I assume the program in question is contained the proposed rule for a demonstration project that’s been sitting on the OMB dashboard for more than a year: International Pricing Index Model For Medicare Part B Drugs.

I’ll spare everyone the excitement the wild worlds of how proposed rules become policy and what even is a CMS demonstration project and say that this goes beyond “The check’s in the mail,” and lands deep in the territory of “I’m having new checks printed by my bank. That doesn’t exist yet.”

How much thought and planning went into this plan? The usual amount.
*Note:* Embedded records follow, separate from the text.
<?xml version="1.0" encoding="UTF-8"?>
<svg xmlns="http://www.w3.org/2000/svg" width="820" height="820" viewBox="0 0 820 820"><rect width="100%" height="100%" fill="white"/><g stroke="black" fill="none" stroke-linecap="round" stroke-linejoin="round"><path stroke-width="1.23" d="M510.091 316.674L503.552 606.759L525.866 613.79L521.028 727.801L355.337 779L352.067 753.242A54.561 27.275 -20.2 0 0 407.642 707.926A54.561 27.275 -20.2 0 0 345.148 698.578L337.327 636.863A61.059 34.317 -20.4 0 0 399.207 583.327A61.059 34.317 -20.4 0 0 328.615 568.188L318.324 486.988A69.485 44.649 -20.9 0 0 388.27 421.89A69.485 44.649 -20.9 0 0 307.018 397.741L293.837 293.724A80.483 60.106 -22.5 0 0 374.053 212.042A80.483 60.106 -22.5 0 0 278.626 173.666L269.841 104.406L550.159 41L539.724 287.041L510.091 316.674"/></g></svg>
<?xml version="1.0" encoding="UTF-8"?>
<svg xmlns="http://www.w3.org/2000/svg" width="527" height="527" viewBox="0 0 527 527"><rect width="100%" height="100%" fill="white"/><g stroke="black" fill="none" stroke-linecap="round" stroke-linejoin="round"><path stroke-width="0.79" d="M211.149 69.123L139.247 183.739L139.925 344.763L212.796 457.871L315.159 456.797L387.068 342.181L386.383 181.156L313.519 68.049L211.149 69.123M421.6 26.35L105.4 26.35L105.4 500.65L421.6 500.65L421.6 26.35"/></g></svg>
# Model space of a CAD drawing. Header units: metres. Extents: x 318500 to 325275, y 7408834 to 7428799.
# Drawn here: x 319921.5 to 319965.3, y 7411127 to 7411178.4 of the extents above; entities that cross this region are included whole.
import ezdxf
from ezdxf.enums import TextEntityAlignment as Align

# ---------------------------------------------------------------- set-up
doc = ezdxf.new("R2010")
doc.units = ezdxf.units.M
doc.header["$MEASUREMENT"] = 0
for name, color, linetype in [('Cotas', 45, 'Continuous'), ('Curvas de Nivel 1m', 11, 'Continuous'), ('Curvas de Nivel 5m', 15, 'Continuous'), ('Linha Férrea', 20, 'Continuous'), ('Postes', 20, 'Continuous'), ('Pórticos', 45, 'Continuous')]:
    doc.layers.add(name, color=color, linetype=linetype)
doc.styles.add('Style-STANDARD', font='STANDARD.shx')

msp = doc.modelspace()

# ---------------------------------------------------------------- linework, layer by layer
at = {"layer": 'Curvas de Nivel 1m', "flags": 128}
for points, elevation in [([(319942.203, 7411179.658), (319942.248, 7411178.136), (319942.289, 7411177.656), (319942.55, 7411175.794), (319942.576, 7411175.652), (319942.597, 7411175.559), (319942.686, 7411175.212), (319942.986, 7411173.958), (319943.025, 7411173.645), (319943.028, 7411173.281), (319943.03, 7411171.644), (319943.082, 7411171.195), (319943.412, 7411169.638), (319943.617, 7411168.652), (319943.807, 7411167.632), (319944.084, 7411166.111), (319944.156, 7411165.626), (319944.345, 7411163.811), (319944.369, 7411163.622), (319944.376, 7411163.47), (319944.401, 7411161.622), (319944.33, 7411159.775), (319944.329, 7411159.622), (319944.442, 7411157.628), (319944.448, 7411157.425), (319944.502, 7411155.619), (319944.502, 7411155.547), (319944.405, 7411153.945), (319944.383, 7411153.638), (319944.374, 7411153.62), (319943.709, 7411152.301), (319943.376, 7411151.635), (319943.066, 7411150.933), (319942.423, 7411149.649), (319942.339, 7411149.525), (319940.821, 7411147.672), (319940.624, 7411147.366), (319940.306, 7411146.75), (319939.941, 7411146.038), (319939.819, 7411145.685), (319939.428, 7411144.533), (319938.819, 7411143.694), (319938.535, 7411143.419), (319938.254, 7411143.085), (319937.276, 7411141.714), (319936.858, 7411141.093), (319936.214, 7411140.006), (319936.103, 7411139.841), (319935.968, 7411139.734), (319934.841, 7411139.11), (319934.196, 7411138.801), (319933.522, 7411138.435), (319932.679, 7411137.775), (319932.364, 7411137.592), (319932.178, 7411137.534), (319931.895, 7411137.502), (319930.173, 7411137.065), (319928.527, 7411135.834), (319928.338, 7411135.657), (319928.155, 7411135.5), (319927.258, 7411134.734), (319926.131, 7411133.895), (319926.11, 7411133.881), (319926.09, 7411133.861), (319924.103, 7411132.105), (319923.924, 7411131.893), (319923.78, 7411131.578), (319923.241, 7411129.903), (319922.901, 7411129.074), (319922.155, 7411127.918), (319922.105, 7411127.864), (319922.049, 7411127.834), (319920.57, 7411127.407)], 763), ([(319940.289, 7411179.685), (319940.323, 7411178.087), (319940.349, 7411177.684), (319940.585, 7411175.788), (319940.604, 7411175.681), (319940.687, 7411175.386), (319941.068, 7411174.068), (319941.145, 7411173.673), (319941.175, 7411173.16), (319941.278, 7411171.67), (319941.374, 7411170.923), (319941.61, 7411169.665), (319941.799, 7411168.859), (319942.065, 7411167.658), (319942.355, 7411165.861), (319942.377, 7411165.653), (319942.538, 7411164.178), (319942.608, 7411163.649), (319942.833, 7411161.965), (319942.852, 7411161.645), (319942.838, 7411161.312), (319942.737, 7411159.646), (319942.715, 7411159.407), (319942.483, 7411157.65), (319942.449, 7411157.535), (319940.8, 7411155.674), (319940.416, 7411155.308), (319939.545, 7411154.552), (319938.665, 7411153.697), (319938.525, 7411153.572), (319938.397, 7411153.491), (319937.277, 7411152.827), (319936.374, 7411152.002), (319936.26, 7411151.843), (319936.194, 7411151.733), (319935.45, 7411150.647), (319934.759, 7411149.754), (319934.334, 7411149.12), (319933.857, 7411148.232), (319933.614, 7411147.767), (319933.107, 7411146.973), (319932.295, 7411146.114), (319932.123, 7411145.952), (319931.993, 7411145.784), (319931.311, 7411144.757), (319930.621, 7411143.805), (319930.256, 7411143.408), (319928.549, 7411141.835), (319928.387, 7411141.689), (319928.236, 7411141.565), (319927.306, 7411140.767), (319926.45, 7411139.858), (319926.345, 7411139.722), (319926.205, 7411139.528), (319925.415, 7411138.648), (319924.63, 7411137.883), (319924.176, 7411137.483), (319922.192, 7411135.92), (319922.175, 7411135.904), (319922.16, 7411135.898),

One White House official, speaking on the condition of anonymity to be candid, said the idea of a drug discount card was a “last-minute thing that is still being worked out” and originated in the office of White House Chief of Staff Mark Meadows.

Because no one in the administration knew about prescription drug costs and how hard it can be for people – especially seniors – to afford them until right before he lurched out on stage, I guess.

Or “last minute” also has a different meaning in the Republican Zone. And maybe the money is coming from another source.

The announcement came as a surprise because the White House had tried last month to strike a deal with the pharmaceutical industry on a broad effort to lower drug prices. But that deal collapsed after Mark Meadows, the White House chief of staff, insisted that the industry pay for such cards. The companies balked, fearing that they would be footing the bill for the “Trump cards” aimed at older American voters.

That’s exactly what they would have been, but not only did pharmaceutical companies see through the cunning plan, they refused to take part. They also got the administration to withdraw an earlier Part B drug demonstration before it was launched.

But in an appearance on CNN, Mr. Meadows suggested — without offering an explanation — that pharmaceutical manufacturers would still pay for the cards, which he said older Americans would begin receiving in October.

He did not say which October.

In addition to matters of funding, fulfillment isn’t exactly the GOP’s strong suit, because that involves things you can’t fake. Either some Medicare patients will get this card – probably with you-know-what’s grimacing mug on it – or they won’t. Either the cards will work – for example, patients can keep using it to cover copays until it runs out, and pharmacies will be able process them – or they won’t. Either the bribe will work, or it won’t.

Update – several people have asked whether $200 for prescription drugs will amount to much of a savings. Great question, but the wrong question, or at least it’s too early to ask because there aren’t enough details, starting with who exactly would receive the cards/coupons if they ever get past the MT Promises stage and actually go in an envelope.

33 million Medicare beneficiaries doesn’t cover everyone on traditional Medicare or everyone who has Medicare Part D. Whether the money is going to some traditional-only patients for the handful of prescription drugs that are covered, or some Part D patients, would determine which drugs might be covered, which is something you need to know before you can begin to figure out how far $200 will go.

If – as is likely the case – he pulled the number past his head, that’s a sign that this idea is still in the infrastructure week stages and is likely to remain so. The elderly that Republicans have been urging to drop dead already should be grateful that they spent five seconds discussing an idea that would benefit them, vote Republican. And THEN drop dead.